Next-Gen PartnerOps Video Podcasts

Next Frontier of OT/IoT Ecosystem: AI & Cybersecurity

In this crucial discussion, Sugata Sanyal, Founder & CEO of ZINFI, sits down with Barry Mainz, CEO of Forescout Technologies, to dissect the Next Frontier of OT/IoT Ecosystem: AI & Cybersecurity. Barry Mainz highlights how the threat landscape has dramatically shifted, noting that the exposure of Critical Infrastructure Protection is growing exponentially due to legacy vulnerabilities in OT devices. The conversation introduces how Forescout is adapting its Forescout Security platform and evolving its Channel Partner Strategy to meet the new demands in sectors such as manufacturing and oil & gas. Mainz also offers deep insights into shifting C-level priorities, where Cybersecurity Metrics like ARR and GDR now dominate. The discussion concludes with insights on the ROI of AI and the next major threats: Quantum Computing and Agentic AI. This is a must-listen for understanding the intersection of digital transformation and physical world security.

Video Podcast: Next Frontier of OT/IoT Ecosystem: AI & Cybersecurity

Chapter 1: Cultural Blueprint and Critical Shift to OT/IoT Security

Barry Mainz outlines the Forescout Security culture, defining it not as an amorphous concept but as the company’s blueprint for problem-solving and establishing core routines.

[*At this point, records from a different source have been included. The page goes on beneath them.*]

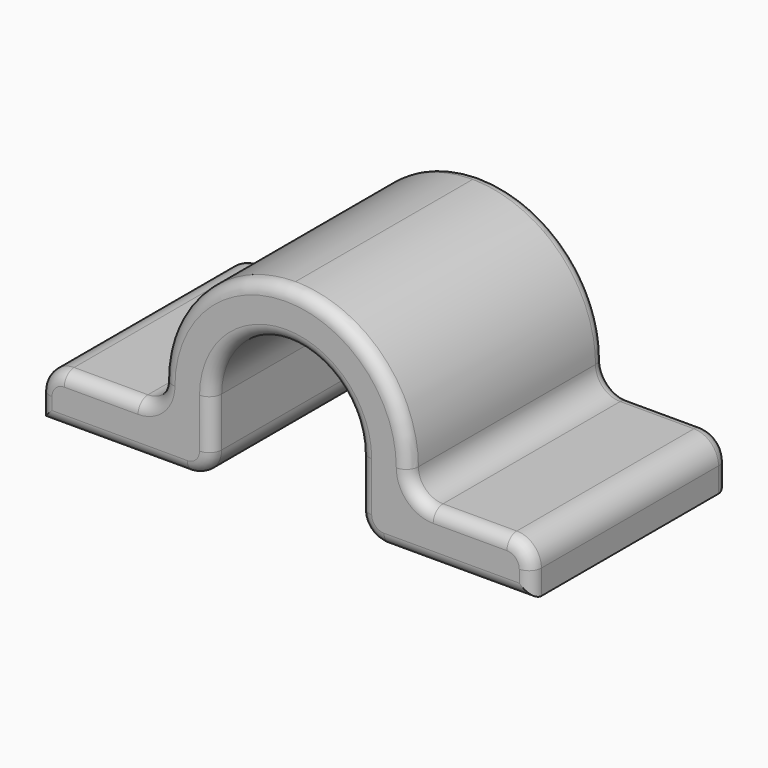
from build123d import *

# Parameters (mm, degrees)
F1_DEPTH     = 10
F2_R         = 0.99999
F3_T1_DEPTH  = 1e-05
F3_T3_DEPTH  = 2.00001
F3_T5_DEPTH  = 7.25001
F3_T7_DEPTH  = 3.00002
F3_T9_DEPTH  = 2.25001
F3_T12_ANGLE = 113.8828315396
F3_T14_ANGLE = 104.3296989237
F3_T16_ANGLE = 90
F3_T18_ANGLE = 113.8828315396
F3_T20_ANGLE = 90
F3_T22_ANGLE = 104.3296989237
F3_T24_ANGLE = 90
F3_T26_ANGLE = 90
F3_T28_ANGLE = 90
F3_T30_ANGLE = 90


# Not quite as in the source:
# - a fillet or chamfer that OpenCascade refuses, or shapes differently, is made with other operations: its cross-section is extruded or revolved along the edge and cut away or added
# - a fillet or chamfer is up to 0.001 mm smaller than in the source, because OpenCascade refuses the exact size


with BuildPart() as f1:
    # F0 (on Front) → F1 (new body)
    with BuildSketch(Plane.XZ):
        with BuildLine():
            Line((5, 2), (5, 3))
            ThreePointArc((5, 3), (4.7434164903, 1.4188611699), (4, 0))
            Line((4, 0), (5, 0))
            Line((5, 0), (10, 0))
            Line((10, 0), (10, 2))
            Line((10, 2), (5, 2))
        make_face()
        with BuildLine():
            Line((5, 3), (3, 3))
            Line((3, 3), (3, 0))
            Line((3, 0), (4, 0))
            ThreePointArc((4, 0), (4.7434164903, 1.4188611699), (5, 3))
        make_face()
        with BuildLine():
            Line((0, 8), (0, 6))
            ThreePointArc((0, 6), (2.1213203436, 5.1213203436), (3, 3))
            Line((3, 3), (5, 3))
            ThreePointArc((5, 3), (3.5355339059, 6.5355339059), (0, 8))
        make_face()
    extrude(amount=F1_DEPTH)

    # F2 (radius 1 in the source; OpenCascade refuses exactly that, so slightly less here)
    f2_edges = [f1.edges().sort_by_distance(p)[0] for p in [
        (5, -5, 2),
        (3, -5, 0),
        (10, -5, 2),
    ]]
    fillet(f2_edges, radius=F2_R)

    # F3: fillet of radius 0.5 on 5 edges, made by hand

    # F3_s2 → F3_t1 (cut)
    with BuildSketch(Plane.XY.offset(2.99999)):
        with BuildLine():
            ThreePointArc((4.5, -10), (4.8535533906, -9.8535533906), (5, -9.5))
            Line((5, -9.5), (5, -10))
            Line((5, -10), (4.5, -10))
        make_face()
        with BuildLine():
            ThreePointArc((4.5, 0), (4.8535533906, -0.1464466094), (5, -0.5))
            Line((5, -0.5), (5, 0))
            Line((5, 0), (4.5, 0))
        make_face()
    extrude(amount=F3_T1_DEPTH, mode=Mode.SUBTRACT)

    # F3_s4 → F3_t3 (cut)
    with BuildSketch(Plane.XY.offset(0.99999)):
        with BuildLine():
            ThreePointArc((3.5, 0), (3.1464466094, -0.1464466094), (3, -0.5))
            Line((3, -0.5), (3, 0))
            Line((3, 0), (3.5, 0))
        make_face()
        with BuildLine():
            ThreePointArc((3.5, -10), (3.1464466094, -9.8535533906), (3, -9.5))
            Line((3, -9.5), (3, -10))
            Line((3, -10), (3.5, -10))
        make_face()
    extrude(amount=F3_T3_DEPTH, mode=Mode.SUBTRACT)

    # F3_s6 → F3_t5 (cut)
    with BuildSketch(Plane.YZ.offset(3.99999)):
        with BuildLine():
            ThreePointArc((0, 0.5), (-0.1464466094, 0.1464466094), (-0.5, 0))
            Line((-0.5, 0), (0, 0))
            Line((0, 0), (0, 0.5))
        make_face()
        with BuildLine():
            ThreePointArc((-9.5, 0), (-9.8535533906, 0.1464466094), (-10, 0.5))
            Line((-10, 0.5), (-10, 0))
            Line((-10, 0), (-9.5, 0))
        make_face()
    extrude(amount=F3_T5_DEPTH, mode=Mode.SUBTRACT)

    # F3_s8 → F3_t7 (cut)
    with BuildSketch(Plane.YZ.offset(5.99999)):
        with BuildLine():
            ThreePointArc((0, 1.5), (-0.1464466094, 1.8535533906), (-0.5, 2))
            Line((-0.5, 2), (0, 2))
            Line((0, 2), (0, 1.5))
        make_face()
        with BuildLine():
            ThreePointArc((-10, 1.5), (-9.8535533906, 1.8535533906), (-9.5, 2))
            Line((-9.5, 2), (-10, 2))
            Line((-10, 2), (-10, 1.5))
        make_face()
    extrude(amount=F3_T7_DEPTH, mode=Mode.SUBTRACT)

    # F3_s10 → F3_t9 (cut)
    with BuildSketch(Plane.XY.offset(-1.25)):
        with BuildLine():
            ThreePointArc((10, -0.5), (9.8535533906, -0.1464466094), (9.5, 0))
            Line((9.5, 0), (10, 0))
            Line((10, 0), (10, -0.5))
        make_face()
        with BuildLine():
            ThreePointArc((10, -9.5), (9.8535533906, -9.8535533906), (9.5, -10))
            Line((9.5, -10), (10, -10))
            Line((10, -10), (10, -9.5))
        make_face()
    extrude(amount=F3_T9_DEPTH, mode=Mode.SUBTRACT)

    # F3_s11 → F3_t12 (revolve, cut)
    with BuildSketch(Plane(origin=(1.1106028594, 0, 0.4917533592), x_dir=(0, 1, 0), z_dir=(-0.9143753133, 0, -0.4048676159))):
        with BuildLine():
            ThreePointArc((-10, -6.2431259399), (-9.8535533906, -5.8895725493), (-9.5, -5.7431259399))
            Line((-9.5, -5.7431259399), (-10, -5.7431259399))
            Line((-10, -5.7431259399), (-10, -6.2431259399))
        make_face()
    revolve(axis=Axis((0, -10, 3), (0, 1, 0)), revolution_arc=F3_T12_ANGLE, mode=Mode.SUBTRACT)

    # F3_s13 → F3_t14 (revolve, cut)
    with BuildSketch(Plane.XY.offset(3)):
        with BuildLine():
            ThreePointArc((4.5, -10), (4.8535533906, -9.8535533906), (5, -9.5))
            Line((5, -9.5), (5, -10))
            Line((5, -10), (4.5, -10))
        make_face()
    revolve(axis=Axis((0, -10, 3), (0, -1, 0)), revolution_arc=F3_T14_ANGLE, mode=Mode.SUBTRACT)

    # F3_s15 → F3_t16 (revolve, cut)
    with BuildSketch(Plane.YZ.offset(5.99999)):
        with BuildLine():
            ThreePointArc((0, 1.5), (-0.1464466094, 1.8535533906), (-0.5, 2))
            Line((-0.5, 2), (0, 2))
            Line((0, 2), (0, 1.5))
        make_face()
    revolve(axis=Axis((5.99999, 0, 2.99999), (0, 1, 0)), revolution_arc=F3_T16_ANGLE, mode=Mode.SUBTRACT)

    # F3_s17 → F3_t18 (revolve, cut)
    with BuildSketch(Plane(origin=(1.1106028594, 0, 0.4917533592), x_dir=(0, 1, 0), z_dir=(-0.9143753133, 0, -0.4048676159))):
        with BuildLine():
            ThreePointArc((0, -6.2431259399), (-0.1464466094, -5.8895725493), (-0.5, -5.7431259399))
            Line((-0.5, -5.7431259399), (0, -5.7431259399))
            Line((0, -5.7431259399), (0, -6.2431259399))
        make_face()
    revolve(axis=Axis((0, 0, 3), (0, 1, 0)), revolution_arc=F3_T18_ANGLE, mode=Mode.SUBTRACT)

    # F3_s19 → F3_t20 (revolve, cut)
    with BuildSketch(Plane.XY.offset(0.99999)):
        with BuildLine():
            ThreePointArc((3.5, 0), (3.1464466094, -0.1464466094), (3, -0.5))
            Line((3, -0.5), (3, 0))
            Line((3, 0), (3.5, 0))
        make_face()
    revolve(axis=Axis((3.99999, 0, 0.99999), (0, -1, 0)), revolution_arc=F3_T20_ANGLE, mode=Mode.SUBTRACT)

    # F3_s21 → F3_t22 (revolve, cut)
    with BuildSketch(Plane.XY.offset(3)):
        with BuildLine():
            ThreePointArc((4.5, 0), (4.8535533906, -0.1464466094), (5, -0.5))
            Line((5, -0.5), (5, 0))
            Line((5, 0), (4.5, 0))
        make_face()
    revolve(axis=Axis((0, 0, 3), (0, -1, 0)), revolution_arc=F3_T22_ANGLE, mode=Mode.SUBTRACT)

    # F3_s23 → F3_t24 (revolve, cut)
    with BuildSketch(Plane.XY.offset(1.00001)):
        with BuildLine():
            ThreePointArc((9.5, 0), (9.8535533906, -0.1464466094), (10, -0.5))
            Line((10, -0.5), (10, 0))
            Line((10, 0), (9.5, 0))
        make_face()
    revolve(axis=Axis((9.00001, 0, 1.00001), (0, -1, 0)), revolution_arc=F3_T24_ANGLE, mode=Mode.SUBTRACT)

    # F3_s25 → F3_t26 (revolve, cut)
    with BuildSketch(Plane.YZ.offset(5.99999)):
        with BuildLine():
            ThreePointArc((-10, 1.5), (-9.8535533906, 1.8535533906), (-9.5, 2))
            Line((-9.5, 2), (-10, 2))
            Line((-10, 2), (-10, 1.5))
        make_face()
    revolve(axis=Axis((5.99999, -10, 2.99999), (0, 1, 0)), revolution_arc=F3_T26_ANGLE, mode=Mode.SUBTRACT)

    # F3_s27 → F3_t28 (revolve, cut)
    with BuildSketch(Plane.XY.offset(1.00001)):
        with BuildLine():
            ThreePointArc((10, -9.5), (9.8535533906, -9.8535533906), (9.5, -10))
            Line((9.5, -10), (10, -10))
            Line((10, -10), (10, -9.5))
        make_face()
    revolve(axis=Axis((9.00001, -10, 1.00001), (0, -1, 0)), revolution_arc=F3_T28_ANGLE, mode=Mode.SUBTRACT)

    # F3_s29 → F3_t30 (revolve, cut)
    with BuildSketch(Plane.XY.offset(0.99999)):
        with BuildLine():
            ThreePointArc((3.5, -10), (3.1464466094, -9.8535533906), (3, -9.5))
            Line((3, -9.5), (3, -10))
            Line((3, -10), (3.5, -10))
        make_face()
    revolve(axis=Axis((3.99999, -10, 0.99999), (0, -1, 0)), revolution_arc=F3_T30_ANGLE, mode=Mode.SUBTRACT)

    # F4: F1 across face


with BuildPart() as f1_1:
    add(f1.part)
    add(f1.part.mirror(Plane(origin=(0, -5, 7), x_dir=(0, -1, 0), z_dir=(-1, 0, 0))))


solid = f1_1.part

Forescout's ethos is straightforward: one must constantly improve, as "there's no staying the same" in the dynamic world of cybersecurity. A foundational routine involves executive engagement at the point of sale, or "where the money changes hands," to gain the customer's perspective. This unique focus on customer friction and ease of doing business drives cultural evolution and helps the organization refine its culture over time. This cultural commitment is crucial given the company’s 25-year history in a complex, global, and nation-state-involved space. The discussion shifts to the OT/IoT Ecosystem, highlighting the massive change driven by connected devices that extends beyond traditional IT. Mainz, leveraging his experience with embedded operating systems, notes that non-traditional devices, such as industrial controls (IOT/OT and medical OT), now have vulnerability issues (CDEs) exceeding those of standard IT operating systems. These critical infrastructure devices—from power grids to industrial robots—were not built for patching, creating significant, hard-to-remediate risk. Forescout recognized this shift early, transitioning from a core NAC company to a broad Forescout Security platform focused on network operations security for the world’s largest public and private companies.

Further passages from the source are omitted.